Burnden Park disaster
- Women and children being passed over the heads of others at the Railway End during the crush
- Date: 9 March 1946; 80 years ago
- Location: Bolton, Lancashire, England;
- Cause: Overcrowding of banking terraces causing a stampede
- Deaths: 33
- Injuries: ca. 400

= Burnden Park disaster =

1946 crowd crush in Lancashire, England

The Burnden Park disaster was a crowd crush that occurred on 9 March 1946 at Burnden Park football stadium, then the home of Bolton Wanderers. The crush resulted in the deaths of 33 people and injuries to hundreds of Bolton fans. It was the deadliest stadium-related disaster in British history until the Ibrox Park disaster in 1971.
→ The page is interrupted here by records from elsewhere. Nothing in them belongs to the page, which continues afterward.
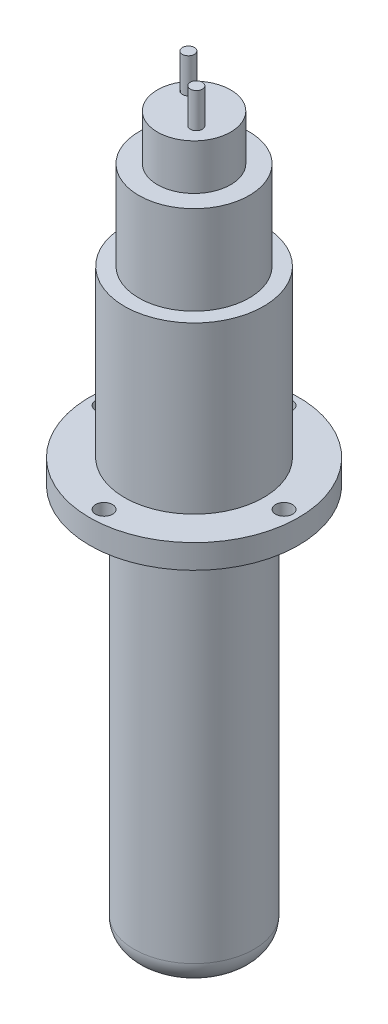
SolidWorks part; units mm, degrees
material "6061 Alloy"
ref_plane "Front" through (0, 0, 0) normal (0, 0, 1) x (1, 0, 0)
ref_plane "Top" through (0, 0, 0) normal (0, 1, 0) x (1, 0, 0)
ref_plane "Right" through (0, 0, 0) normal (1, 0, 0) x (0, 0, -1)
sketch "Sketch1" plane through (0, 0, 0) normal (0, 1, 0) x (1, 0, 0)
  circle A0 centre (0, 0) radius 22.098
  dimension "D1" = 44.196
extrude "Boss-Extrude1" add sketch "Sketch1" along normal blind 5.08
sketch "Sketch2" plane through (0, 5.08, 0) normal (0, 1, 0) x (1, 0, 0)
  circle A0 centre (0, 0) radius 14.732
  dimension "D1" = 29.464
extrude "Boss-Extrude2" add sketch "Sketch2" along normal blind 35.052
sketch "Sketch3" plane through (0, 40.132, 0) normal (0, 1, 0) x (1, 0, 0)
  circle A0 centre (0, 0) radius 11.684
  dimension "D1" = 23.368
extrude "Boss-Extrude3" add sketch "Sketch3" along normal blind 18.796
sketch "Sketch4" plane through (0, 58.928, 0) normal (0, 1, 0) x (1, 0, 0)
  circle A0 centre (0, 0) radius 7.747
  dimension "D1" = 15.494
extrude "Boss-Extrude4" add sketch "Sketch4" along normal blind 9.652
sketch "Sketch5" plane through (0, 68.58, 0) normal (0, 1, 0) x (1, 0, 0)
  circle A0 centre (-4.2434, 3.0444) radius 1.27
  circle A1 centre (2.97, -2.4818) radius 1.27
  dimension "D1" = 2.54
  dimension "D2" = 2.54
extrude "Boss-Extrude5" add sketch "Sketch5" along normal blind 7.366
sketch "Sketch6" plane through (0, 5.08, 0) normal (0, 1, 0) x (1, 0, 0)
  circle A0 centre (0, 19.05) radius 1.7907
  point P2 (0, 19.05)
  point P3 (0, 0)
  point P5 (0, 0)
  dimension "D1" = 3.5814
  dimension "D2" = 19.05
extrude "Cut-Extrude1" cut sketch "Sketch6" against normal blind 7.366
pattern_circular "CirPattern1" count 4 over 360 about axis through (0, 5.08, 0) along (0, 1, 0) of "Cut-Extrude1"
sketch "Sketch7" plane through (0, 0, 0) normal (0, -1, 0) x (-1, 0, 0)
  circle A0 centre (0, 0) radius 12.7
  dimension "D1" = 25.4
extrude "Boss-Extrude6" add sketch "Sketch7" along normal blind 83.82
fillet "Fillet1" radius 5.08 1 edges at (0, -83.82, -12.7)

The match, an FA Cup Sixth Round second-leg tie between Bolton and Stoke City, was allowed to continue, with the game ending goalless. The disaster brought about the Moelwyn Hughes report, which recommended more rigorous control of crowd sizes.

==Disaster==
It was estimated that the crowd was in excess of 85,000 people. Entrance to the Bolton end of the ground, which had no roof, was from the Manchester Road end only. The disaster happened at the Railway End of the ground where, in common with many other post-war grounds, facilities were rudimentary. The bank was crude, consisting of dirt with flagstones for steps. Although there was room towards the Burnden side of the ground, part of the stand had been requisitioned by the Ministry of Supply following the War and had not yet been returned to civilian use. In addition, the turnstiles at the east end of the Railway Embankment, which adjoined the Burnden Stand, had been closed since 1940.

At the time, fans paid at the turnstiles rather than buying tickets beforehand. The Railway End became over capacity and closely packed so, at 2:40 pm, it was decided to close the turnstiles. However, that did not stop more people entering the ground, with spectators climbing in from the railway, clambering over the closed turnstiles and, when a locked gate was opened, entering through it. Such was the pressure from the Railway End, that many fans were pushed inexorably along the side of the pitch, around the far end and, eventually, right out of the ground, ending up in the car park.

Shortly after the game started, the crowd began spilling onto the pitch, so the game was temporarily stopped to clear the pitch. However, two barriers then collapsed and the crowd behind them fell forward, crushing those underneath. The game was restarted but was quickly halted again when a Bolton Borough Police officer came onto the pitch to speak to the referee, George Dutton, to inform him there had been a fatality. The referee called together the two captains, Bolton's Harry Hubbick and Stoke's Neil Franklin, to inform them of the problem, and the players left the pitch.

The dead and injured were taken from the Railway End terrace, with those who had died laid along the touchline and covered in coats. A little under half an hour after the players had left the pitch, the game was restarted, with a new sawdust-lined touchline separating the players from the corpses. At the end of the first half, the players immediately changed ends and started the second half. Stanley Matthews was on the Stoke team and said later that he was sickened that the game was allowed to continue.

==Aftermath==
Moelwyn Hughes's official report recommended more rigorous control of crowd sizes. A conference on the licensing and regulation of sports grounds where it was recommended that, as a voluntary code, local authorities should inspect grounds with a capacity of 10,000 spectators and agreed safety limits should be in place for grounds of more than 25,000 capacity. Turnstiles should mechanically record spectator numbers and grounds should have internal telephone systems.

On 24 August 1946 England and Scotland drew 2–2 in an additional fixture in aid of the Disaster Fund. All tickets for the match at Maine Road, Manchester, were sold, raising £12,000. (Note: About £ today) The Burnden Park disaster was the greatest tragedy in British football history until the Ibrox Park disaster at Rangers' home ground in 1971.

In 1992 a memorial plaque was unveiled at the stadium. In 2000, following the move by Bolton Wanderers to a new ground, the plaque was relocated to the wall of the supermarket which now occupies the site of the tragedy.